Insomma, Biden si avvia al faccia a faccia con il capo del Cremlino in una situazione tesa. Non è quindi chiaro che cosa attendersi. Il vertice potrebbe risolversi in un nulla di fatto oppure aprire qualche spazio di cooperazione. Sotto questo aspetto, si può ritenere che Washington stia cercando la sponda di Mosca in riferimento al delicato e spinoso dossier del processo di pace in Afghanistan. E proprio di Afghanistan si parlato ieri al summit Nato: i partecipanti hanno infatti discusso del ritiro definitivo delle truppe americane e dello stesso processo di pace. Non solo: si è anche concordato uno stanziamento di fondi per far sì che l’aeroporto internazionale di Kabul continui a funzionare.

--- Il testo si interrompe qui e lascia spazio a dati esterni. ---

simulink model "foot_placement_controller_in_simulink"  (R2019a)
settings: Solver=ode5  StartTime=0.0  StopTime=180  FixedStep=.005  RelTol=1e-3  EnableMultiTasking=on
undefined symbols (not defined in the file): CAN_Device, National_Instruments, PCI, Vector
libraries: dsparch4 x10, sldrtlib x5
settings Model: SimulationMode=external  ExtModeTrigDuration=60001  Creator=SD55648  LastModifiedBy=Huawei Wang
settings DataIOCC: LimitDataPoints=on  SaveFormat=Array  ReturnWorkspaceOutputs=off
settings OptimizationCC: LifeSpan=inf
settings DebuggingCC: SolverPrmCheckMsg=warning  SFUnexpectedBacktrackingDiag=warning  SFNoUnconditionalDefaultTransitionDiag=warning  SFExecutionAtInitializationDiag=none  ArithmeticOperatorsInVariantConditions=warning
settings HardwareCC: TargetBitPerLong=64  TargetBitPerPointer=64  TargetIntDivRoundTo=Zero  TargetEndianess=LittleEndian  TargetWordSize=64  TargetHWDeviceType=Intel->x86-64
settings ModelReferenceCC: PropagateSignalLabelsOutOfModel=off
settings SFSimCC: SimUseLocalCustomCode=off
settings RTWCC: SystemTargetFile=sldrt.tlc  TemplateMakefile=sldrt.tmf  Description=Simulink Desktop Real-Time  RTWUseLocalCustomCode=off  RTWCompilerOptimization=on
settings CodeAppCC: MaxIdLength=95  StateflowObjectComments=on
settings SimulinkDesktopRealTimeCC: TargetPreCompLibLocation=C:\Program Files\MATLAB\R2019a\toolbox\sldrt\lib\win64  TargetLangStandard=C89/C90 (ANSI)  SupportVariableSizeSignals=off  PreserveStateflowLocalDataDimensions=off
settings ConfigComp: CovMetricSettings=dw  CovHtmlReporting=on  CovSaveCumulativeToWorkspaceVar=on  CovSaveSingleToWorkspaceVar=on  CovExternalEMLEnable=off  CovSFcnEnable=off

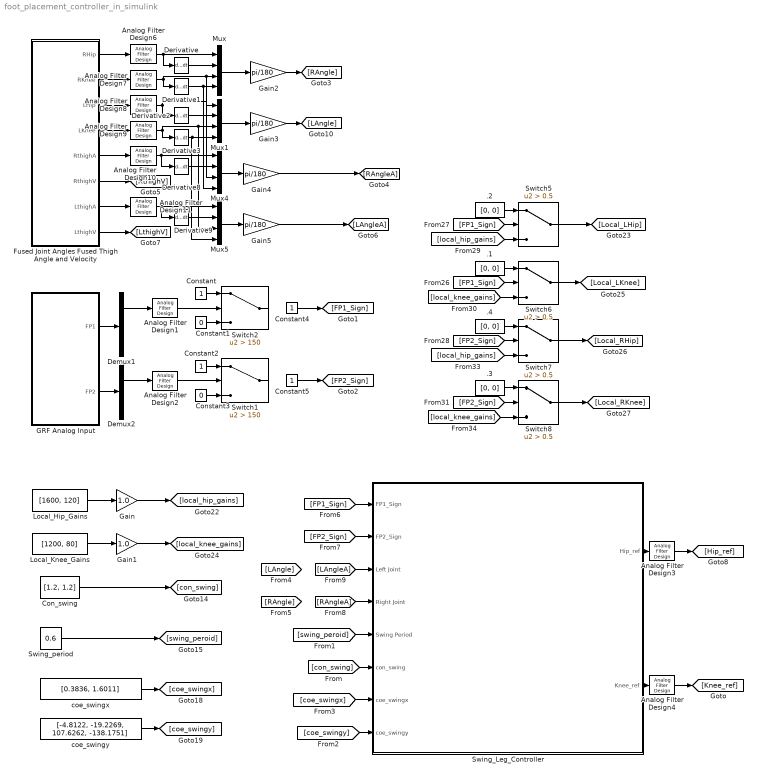
== system foot_placement_controller_in_simulink ==
  .{1..4} (4 alike) : Constant  Value=[0, 0]
  Analog Filter Design{1..4,6..11} (10 alike) : dsparch4/Analog Filter Design  method=Butterworth  filttype=Lowpass  N=2  Wlo=6*2*pi  Whi=80  Rp=2  Rs=40
  Con_swing : Constant  Value=[1.2, 1.2]
  Constant{,2,4..5} (4 alike) : Constant
  Constant1 : Constant  Value=0
  Constant3 : Constant  Value=0
  Demux1 : Demux  Outputs=6
  Demux2 : Demux  Outputs=6
  Derivative{,1..3,8..9} (6 alike) : Derivative
  Fused Joint Angles Fused Thigh Angle and Velocity : Subsystem
  "GRF Analog Input " : Subsystem
  Gain : Gain  Gain=1.0
  Gain1 : Gain  Gain=1.0
  Gain{2..5} (4 alike) : Gain  Gain=pi/180
  Local_Hip_Gains : Constant  Value=[1600, 120]
  Local_Knee_Gains : Constant  Value=[1200, 80]
  Mux{,1,4..5} (4 alike) : Mux
  "Swing_Leg_Controller " : Subsystem
  Swing_period : Constant  Value=0.6
  Switch1 : Switch  Criteria=u2 > Threshold  Threshold=150
  Switch2 : Switch  Criteria=u2 > Threshold  Threshold=150
  Switch{5..8} (4 alike) : Switch  Criteria=u2 > Threshold  Threshold=0.5
  coe_swingx : Constant  Value=[0.3836, 1.6011]
  coe_swingy : Constant  Value=[-4.8122, -19.2269, 107.6262, -138.1751]
  wires:
  Demux2/2 -> Analog Filter Design2/1
  "GRF Analog Input "/1(FP1) -> Demux1/1
  "GRF Analog Input "/2(FP2) -> Demux2/1
  Fused Joint Angles Fused Thigh Angle and Velocity/3(LHip) -> Analog Filter Design8/1
  Fused Joint Angles Fused Thigh Angle and Velocity/4(LKnee) -> Analog Filter Design9/1
  Fused Joint Angles Fused Thigh Angle and Velocity/5(RthighA) -> Analog Filter Design10/1
  Fused Joint Angles Fused Thigh Angle and Velocity/6(RthighV) -> [RthighV]
  Fused Joint Angles Fused Thigh Angle and Velocity/7(LthighA) -> Analog Filter Design11/1
  Fused Joint Angles Fused Thigh Angle and Velocity/8(LthighV) -> [LthighV]
  Derivative2/1 -> Mux1/2
  Derivative3/1 -> Mux1/4, Mux5/4
  Fused Joint Angles Fused Thigh Angle and Velocity/1(RHip) -> Analog Filter Design6/1
  Derivative/1 -> Mux/2
  Fused Joint Angles Fused Thigh Angle and Velocity/2(RKnee) -> Analog Filter Design7/1
  Derivative1/1 -> Mux4/4, Mux/4
  Mux1/1 -> Gain3/1
  Demux1/2 -> Analog Filter Design1/1
  Constant/1 -> Switch2/1
  Constant1/1 -> Switch2/3
  Constant2/1 -> Switch1/1
  Constant3/1 -> Switch1/3
  Mux/1 -> Gain2/1
  Gain3/1 -> [LAngle]
  Gain2/1 -> [RAngle]
  Con_swing/1 -> [con_swing]
  Swing_period/1 -> [swing_peroid]
  coe_swingx/1 -> [coe_swingx]
  [FP1_Sign] -> Switch5/2
  Local_Hip_Gains/1 -> Gain/1
  Local_Knee_Gains/1 -> Gain1/1
  [local_hip_gains] -> Switch5/3
  .2/1 -> Switch5/1
  [FP1_Sign] -> Switch6/2
  [local_knee_gains] -> Switch6/3
  .1/1 -> Switch6/1
  [FP2_Sign] -> Switch7/2
  [local_hip_gains] -> Switch7/3
  .4/1 -> Switch7/1
  [FP2_Sign] -> Switch8/2
  [local_knee_gains] -> Switch8/3
  .3/1 -> Switch8/1
  Switch5/1 -> [Local_LHip]
  Switch6/1 -> [Local_LKnee]
  Switch7/1 -> [Local_RHip]
  Switch8/1 -> [Local_RKnee]
  coe_swingy/1 -> [coe_swingy]
  [con_swing] -> "Swing_Leg_Controller "/6(con_swing)
  [swing_peroid] -> "Swing_Leg_Controller "/5(Swing Period)
  [coe_swingy] -> "Swing_Leg_Controller "/8(coe_swingy)
  [coe_swingx] -> "Swing_Leg_Controller "/7(coe_swingx)
  [LAngleA] -> "Swing_Leg_Controller "/3(Left Joint)
  [RAngleA] -> "Swing_Leg_Controller "/4(Right Joint)
  [FP1_Sign] -> "Swing_Leg_Controller "/1(FP1_Sign)
  [FP2_Sign] -> "Swing_Leg_Controller "/2(FP2_Sign)
  Gain/1 -> [local_hip_gains]
  Gain1/1 -> [local_knee_gains]
  Analog Filter Design6/1 -> Mux/1, Derivative/1
  Analog Filter Design7/1 -> Derivative1/1, Mux4/3, Mux/3
  Analog Filter Design8/1 -> Mux1/1, Derivative2/1
  Analog Filter Design9/1 -> Derivative3/1, Mux1/3, Mux5/3
  Analog Filter Design10/1 -> Mux4/1, Derivative8/1
  Analog Filter Design11/1 -> Derivative9/1, Mux5/1
  Derivative8/1 -> Mux4/2
  Mux4/1 -> Gain4/1
  Derivative9/1 -> Mux5/2
  Gain5/1 -> [LAngleA]
  Mux5/1 -> Gain5/1
  Gain4/1 -> [RAngleA]
  Analog Filter Design1/1 -> Switch2/2
  Analog Filter Design2/1 -> Switch1/2
  "Swing_Leg_Controller "/2(Knee_ref) -> Analog Filter Design4/1
  "Swing_Leg_Controller "/1("Hip_ref ") -> Analog Filter Design3/1
  Analog Filter Design3/1 -> [Hip_ref]
  Analog Filter Design4/1 -> [Knee_ref]
  Constant4/1 -> [FP1_Sign]
  Constant5/1 -> [FP2_Sign]

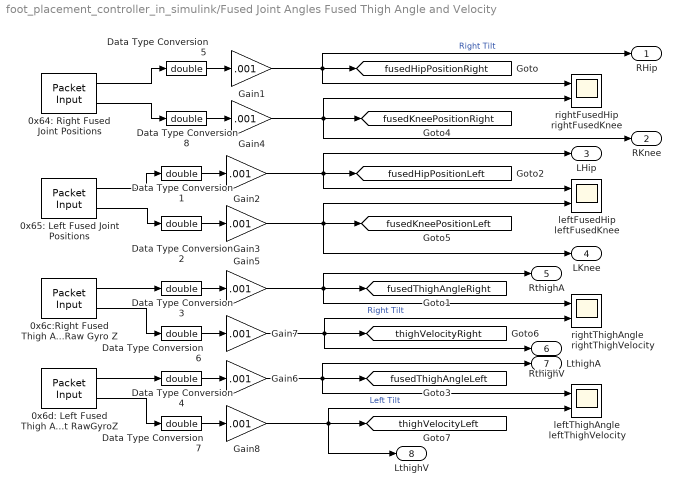
== system foot_placement_controller_in_simulink/Fused Joint Angles Fused Thigh Angle and Velocity ==
  0x64: Right Fused Joint Positions : sldrtlib/Packet Input  SampleTime=.005  MaxMissedTicks=10  ShowMissedTicks=off  YieldWhenWaiting=off  DrvName=Vector/CAN_Device  DrvAddress=1  DrvOptions=[0 0 0 0 1000]  PacketSize=8  DataTypes={'int32','int32'}  ShowReady=off  ShowError=off  PacketID=2048e0 + (hex2dec('64'))  ByteOrder=1  ShowTimestamp=off
      settings: AttributesFormatString=Vector\nCAN Device [1h]  SourceProductName=Simulink Desktop Real-Time
  0x65: Left Fused Joint Positions : sldrtlib/Packet Input  SampleTime=.005  MaxMissedTicks=10  ShowMissedTicks=off  YieldWhenWaiting=off  DrvName=Vector/CAN_Device  DrvAddress=1  DrvOptions=[0 0 0 0 1000]  PacketSize=8  DataTypes={'int32','int32'}  ShowReady=off  ShowError=off  PacketID=2048e0 + (hex2dec('65'))  ByteOrder=1  ShowTimestamp=off
      settings: AttributesFormatString=Vector\nCAN Device [1h]  SourceProductName=Simulink Desktop Real-Time
  0x6c:Right Fused Thigh Angle/Tilt Raw Gyro Z : sldrtlib/Packet Input  SampleTime=.005  MaxMissedTicks=10  ShowMissedTicks=off  YieldWhenWaiting=off  DrvName=Vector/CAN_Device  DrvAddress=1  DrvOptions=[0 0 0 0 1000]  PacketSize=8  DataTypes={'int32','int32'}  ShowReady=off  ShowError=off  PacketID=2048e0 + (hex2dec('6c'))  ByteOrder=1  ShowTimestamp=off
      settings: AttributesFormatString=Vector\nCAN Device [1h]  SourceProductName=Simulink Desktop Real-Time
  0x6d: Left Fused Thigh Angle/Tilt RawGyroZ : sldrtlib/Packet Input  SampleTime=.005  MaxMissedTicks=10  ShowMissedTicks=off  YieldWhenWaiting=off  DrvName=Vector/CAN_Device  DrvAddress=1  DrvOptions=[0 0 0 0 1000]  PacketSize=8  DataTypes={'int32','int32'}  ShowReady=off  ShowError=off  PacketID=2048e0 + (hex2dec('6d'))  ByteOrder=1  ShowTimestamp=off
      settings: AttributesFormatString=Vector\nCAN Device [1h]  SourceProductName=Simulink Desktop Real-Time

L’Afghanistan è insomma uno di quei fronti su cui Biden e Putin potrebbero trovare un’intesa, nonostante l’elevata presenza di attori in gioco (dalla Turchia alla stessa Cina) renda la situazione piuttosto nebulosa (ieri Biden ed Erdogan hanno avuto un colloquio definito «ottimo», ma di cui non sono stati forniti dettagli). Più in generale, bisognerà capire se il presidente americano cercherà di trovare dei punti di contatto con Putin per tentare di sganciare Mosca da Pechino. Un’ipotesi che resta sul tavolo, ma che, come abbiamo visto, si scontra con numerosi dossier divisivi. E che potrebbe costare caro allo stesso Biden in termini di politica interna.